On an algorithm for calculating optimal strategies on an infinite time interval

In this paper, a system where the interval between check times is discrete and constant is considered. The probability of failure for one element between check times is equal to $p$. The redundancy criterion satisfies the following equation:
\begin{equation} T(k,r)=\sum_{i=0}^{k-m}C_k^i p^{k-i}q^i T(r-i)+1,\tag{1} \end{equation}
which is used for finding the function $K_0(r)$.
Then, previous results related to properties of optimal strategies are stated. The main result of the paper is the solution of the problem about saving the reserve consumption. In the case $m=1$, this problem was solved by the author earlier. To solve this problem in the general case, the inequality
\begin{equation} T(m+2,r)-T(m+1,r)\leqslant 0\tag{2} \end{equation}
is used. Since $T(r)$ can be found explicitly from the conditions of the problem, inequality (2) is easy resolved. Therefore, the reserve interval $\left[m+1,m+2+\left[\frac{\ln C}{\ln A}\right]\right]$, where $K_0(r)=m+1$, is obtained.
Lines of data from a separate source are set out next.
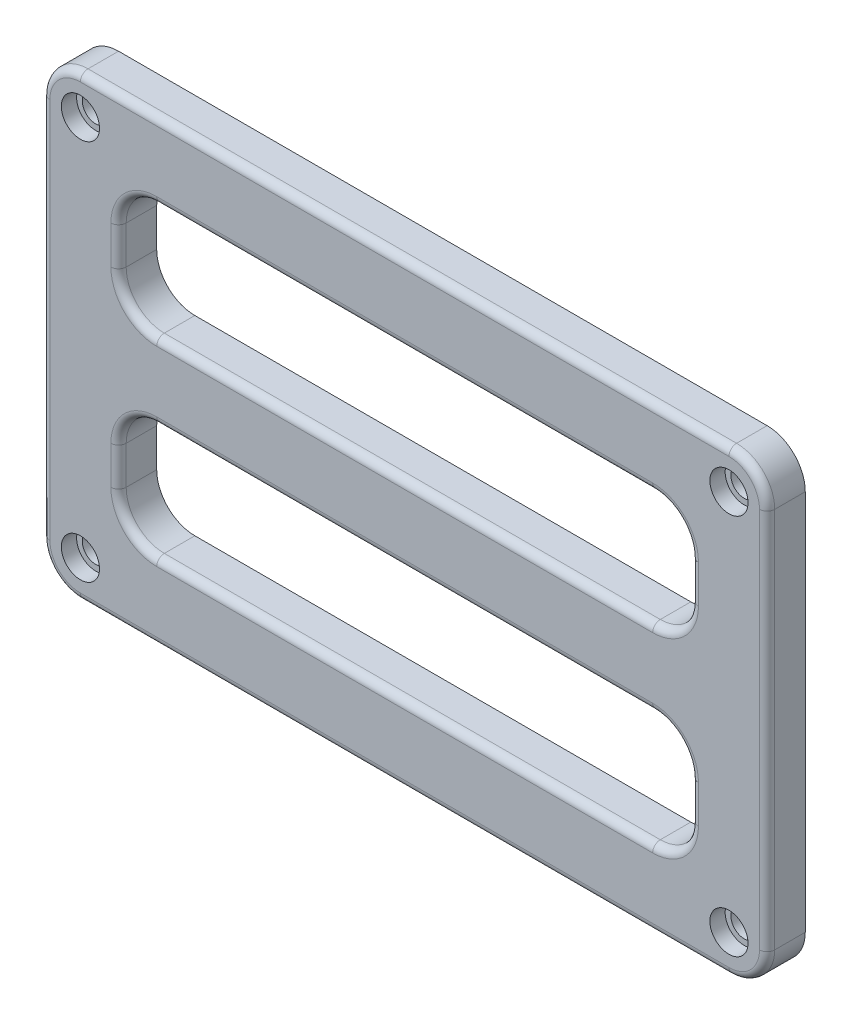
SolidWorks part; units mm, degrees
ref_plane "Front Plane" through (0, 0, 0) normal (0, 0, 1) x (1, 0, 0)
ref_plane "Top Plane" through (0, 0, 0) normal (0, 1, 0) x (1, 0, 0)
ref_plane "Right Plane" through (0, 0, 0) normal (1, 0, 0) x (0, 0, -1)
sketch "Sketch1" plane through (0, 0, 0) normal (0, 0, 1) x (1, 0, 0)
  line L0 (0, 0) -> (75, 0)
  line L1 (75, 0) -> (75, 40)
  line L2 (75, 40) -> (0, 40)
  line L3 (0, 40) -> (0, 0)
  line L4 (-10, -10) -> (85, -10)
  line L5 (85, -10) -> (85, 50)
  line L6 (85, 50) -> (-10, 50)
  line L7 (-10, 50) -> (-10, -10)
  dimension "D1" = 75
  dimension "D2" = 40
  dimension "D3" = 10
  dimension "D4" = 10
  dimension "D5" = 10
  dimension "D6" = 10
extrude "Boss-Extrude1" add sketch "Sketch1" along normal blind 5
sketch "Sketch2" plane through (0, 0, 5) normal (0, 0, 1) x (1, 0, 0)
  line L1 (0, 25) -> (75, 25)
  line L4 (0, 20) -> (0, 25)
  line L5 (0, 40) -> (0, 0) construction
  line L6 (0, 20) -> (0, 15)
  line L10 (75, 20) -> (75, 25)
  line L11 (75, 0) -> (75, 40) construction
  line L12 (75, 20) -> (75, 15)
  line L21 (0, 15) -> (75, 15)
  dimension "D3" = 5
  dimension "D4" = 5
  dimension "D5" = 5
  dimension "D6" = 5
extrude "Boss-Extrude2" add sketch "Sketch2" against normal blind 5
sketch "Sketch5" plane through (0, 0, 5) normal (0, 0, 1) x (1, 0, 0)
  line L4 (-10, 50) -> (-10, -10) construction
  line L5 (85, -10) -> (85, 50) construction
  line L6 (-10, -10) -> (85, -10) construction
  line L7 (85, 50) -> (-10, 50) construction
  line L8 (85, 50) -> (-10, 50) construction
  line L9 (85, -10) -> (85, 50) construction
  line L10 (-10, -10) -> (85, -10) construction
  line L11 (-10, 50) -> (-10, -10) construction
  circle A0 centre (-5, 45) radius 1.75
  circle A1 centre (80, 45) radius 1.75
  circle A2 centre (80, -5) radius 1.75
  circle A3 centre (-5, -5) radius 1.75
  dimension "D1" = 3.5
  dimension "D2" = 3.5
  dimension "D3" = 3.5
  dimension "D4" = 3.5
  dimension "D5" = 5
  dimension "D6" = 5
  dimension "D7" = 5
  dimension "D8" = 5
  dimension "D9" = 5
  dimension "D10" = 5
  dimension "D11" = 5
  dimension "D12" = 5
extrude "Cut-Extrude2" cut sketch "Sketch5" against normal through all
sketch "Sketch6" plane through (0, 0, 5) normal (0, 0, 1) x (1, 0, 0)
  circle A0 centre (-5, 45) radius 2.5
  circle A1 centre (80, 45) radius 2.5
  circle A2 centre (80, -5) radius 2.5
  circle A3 centre (-5, -5) radius 2.5
  dimension "D1" = 5
  dimension "D2" = 5
  dimension "D3" = 5
  dimension "D4" = 5
extrude "Cut-Extrude3" cut sketch "Sketch6" against normal blind 2
fillet "Fillet1" radius 5 12 edges at (0, 15, 2.5) (75, 0, 2.5) (75, 15, 2.5) (0, 0, 2.5) (0, 25, 2.5) (75, 25, 2.5) (75, 40, 2.5) (0, 40, 2.5) (-10, 50, 2.5) (85, 50, 2.5) (85, -10, 2.5) (-10, -10, 2.5)
fillet "Fillet2" radius 1 24 edges at (1.4645, 13.5355, 5) (0, 7.5, 5) (1.4645, 1.4645, 5) (37.5, 0, 5) (73.5355, 1.4645, 5) (75, 7.5, 5) (73.5355, 13.5355, 5) (73.5355, 38.5355, 5) (75, 32.5, 5) (73.5355, 26.4645, 5) (37.5, 25, 5) (1.4645, 26.4645, 5) (0, 32.5, 5) (1.4645, 38.5355, 5) (-8.5355, -8.5355, 5) (-10, 20, 5) (-8.5355, 48.5355, 5) (37.5, 50, 5) (83.5355, 48.5355, 5) (85, 20, 5) (83.5355, -8.5355, 5) (37.5, 15, 5) (37.5, 40, 5) (37.5, -10, 5)
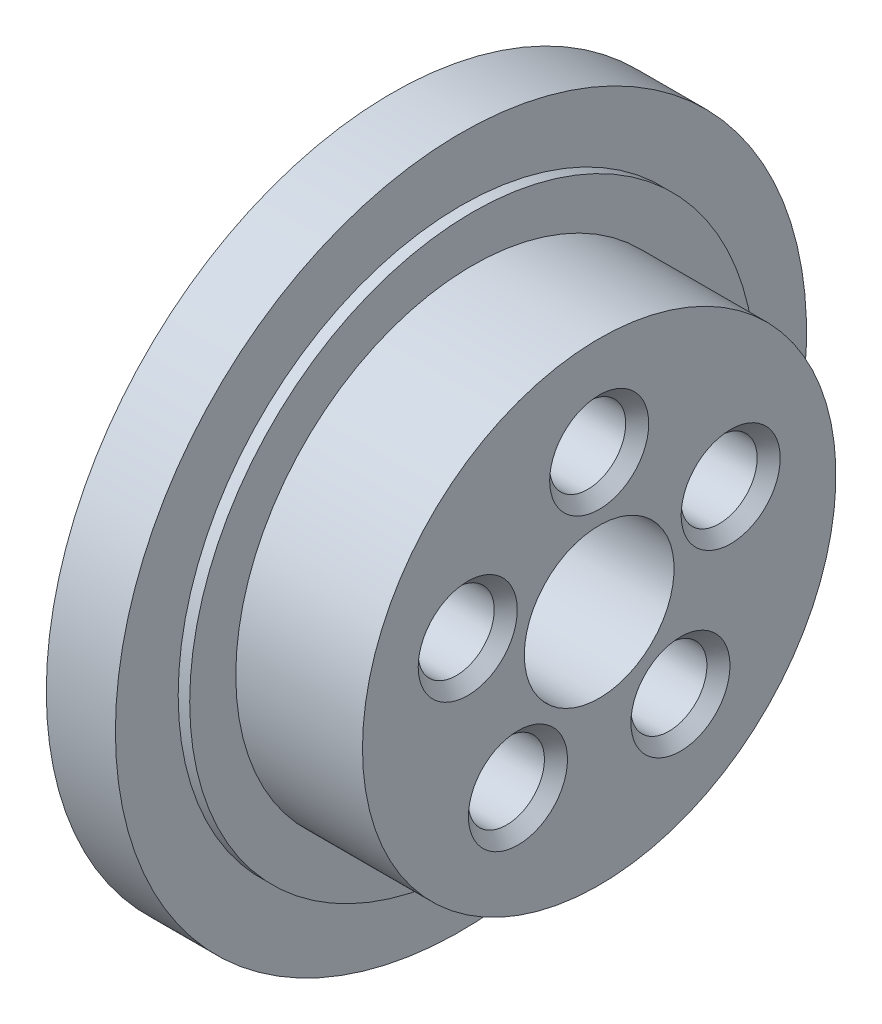
SolidWorks part; units mm, degrees
ref_plane "Front Plane" through (0, 0, 0) normal (0, 0, 1) x (1, 0, 0)
ref_plane "Top Plane" through (0, 0, 0) normal (0, 1, 0) x (1, 0, 0)
ref_plane "Right Plane" through (0, 0, 0) normal (1, 0, 0) x (0, 0, -1)
sketch "Sketch1" plane through (0, 0, 0) normal (0, 0, 1) x (1, 0, 0)
  line L0 (0, 30) -> (6, 30)
  line L9 (6, 30) -> (6, 24.55)
  line L10 (6, 24.55) -> (7, 24.55)
  line L11 (7, 24.55) -> (7, 20.55)
  line L12 (7, 20.55) -> (18, 20.55)
  line L13 (18, 20.55) -> (18, 6.5)
  line L14 (18, 6.5) -> (6, 6.5)
  line L15 (6, 6.5) -> (6, 7.5)
  line L16 (6, 7.5) -> (0, 7.5)
  line L17 (0, 7.5) -> (0, 30)
  line L18 (0, 0) -> (18, 0) construction
  dimension "D1" = 6
  dimension "D2" = 12
  dimension "D3" = 1
  dimension "D4" = 6
  dimension "D5" = 4
  dimension "D6" = 7.5
  dimension "D7" = 30
  dimension "D8" = 14.05
  dimension "D9" = 6.5
revolve "Revolve1" add sketch "Sketch1" angle 360 about L18
sketch "Sketch2" plane through (0, 0, 0) normal (-1, 0, 0) x (0, 0, 1)
  circle A0 centre (0, 0) radius 20 construction
  circle A1 centre (0, 20) radius 2.5
  circle A2 centre (17.3205, 10) radius 2.5
  circle A3 centre (17.3205, -10) radius 2.5
  circle A4 centre (0, -20) radius 2.5
  circle A5 centre (-17.3205, -10) radius 2.5
  circle A6 centre (-17.3205, 10) radius 2.5
  point P18 (0, 0)
  dimension "D1" = 40
  dimension "D2" = 5
extrude "Cut-Extrude1" cut sketch "Sketch2" against normal blind 4.5
sketch "Sketch3" plane through (18, 0, 0) normal (1, 0, 0) x (0, 0, -1)
  circle A0 centre (0, 0) radius 12 construction
  circle A3 centre (0, 12) radius 3.3
  circle A6 centre (11.4127, 3.7082) radius 3.3
  circle A7 centre (7.0534, -9.7082) radius 3.3
  circle A8 centre (-7.0534, -9.7082) radius 3.3
  circle A9 centre (-11.4127, 3.7082) radius 3.3
  point P15 (0, 0)
  dimension "D1" = 24
  dimension "D2" = 6.6
extrude "Cut-Extrude2" cut sketch "Sketch3" against normal blind 10.5
chamfer "Chamfer1" distance 1 angle 45 5 edges at (18, 3.7082, 8.1127) (18, -9.7082, 3.7534) (18, -9.7082, -10.3534) (18, 3.7082, -14.7127) (18, 12, -3.3)
sketch "Sketch4" [suppressed] plane through (6, 0, 0) normal (-1, 0, 0) x (0, 0, 1)
  circle A0 centre (0, 0) radius 6.5
  dimension "D1" = 13
extrude "Cut-Extrude3" [suppressed] cut sketch "Sketch4" against normal through all
equation "\"R_ROLL\"= 5mm"
equation "\"D_SUN\"= 80mm"
equation "\"NUM_ROLL\"= 16"
equation "\"RHO\"= 1mm"
equation "\"D_SHAFT\"= 15mm"
equation "\"D_OUTPUT\"= 40mm"
equation "\"NUM_OUT\"= 6"
equation "\"R_OUT_ROLL\"= 5mm"
equation "\"D1@Sketch2\"=\"D_OUTPUT\""

The algorithm for optimal strategy computing consists of the following steps:

• for $r=m$, we have $K_0(m)=m$ and $T(m)=p^m/(1-p^m)$.
• then, if we find $K_0(m+1)$, $K_0(m+2)$, …, and $K_0(r-1)$ to define $K_0(r)$, it is sufficient to compare $f(K_0(r-1),r)\geqslant f(K_0(r-1)+1,r)$, where $f(k,r)=\frac{1}{1-p^k}\left(\sum\limits_{i=1}^{k-m}C_k^i p^{k-i}q^i T(r-i)+1\right)$.

Results of the numerical simulation are represented in the final section of the paper.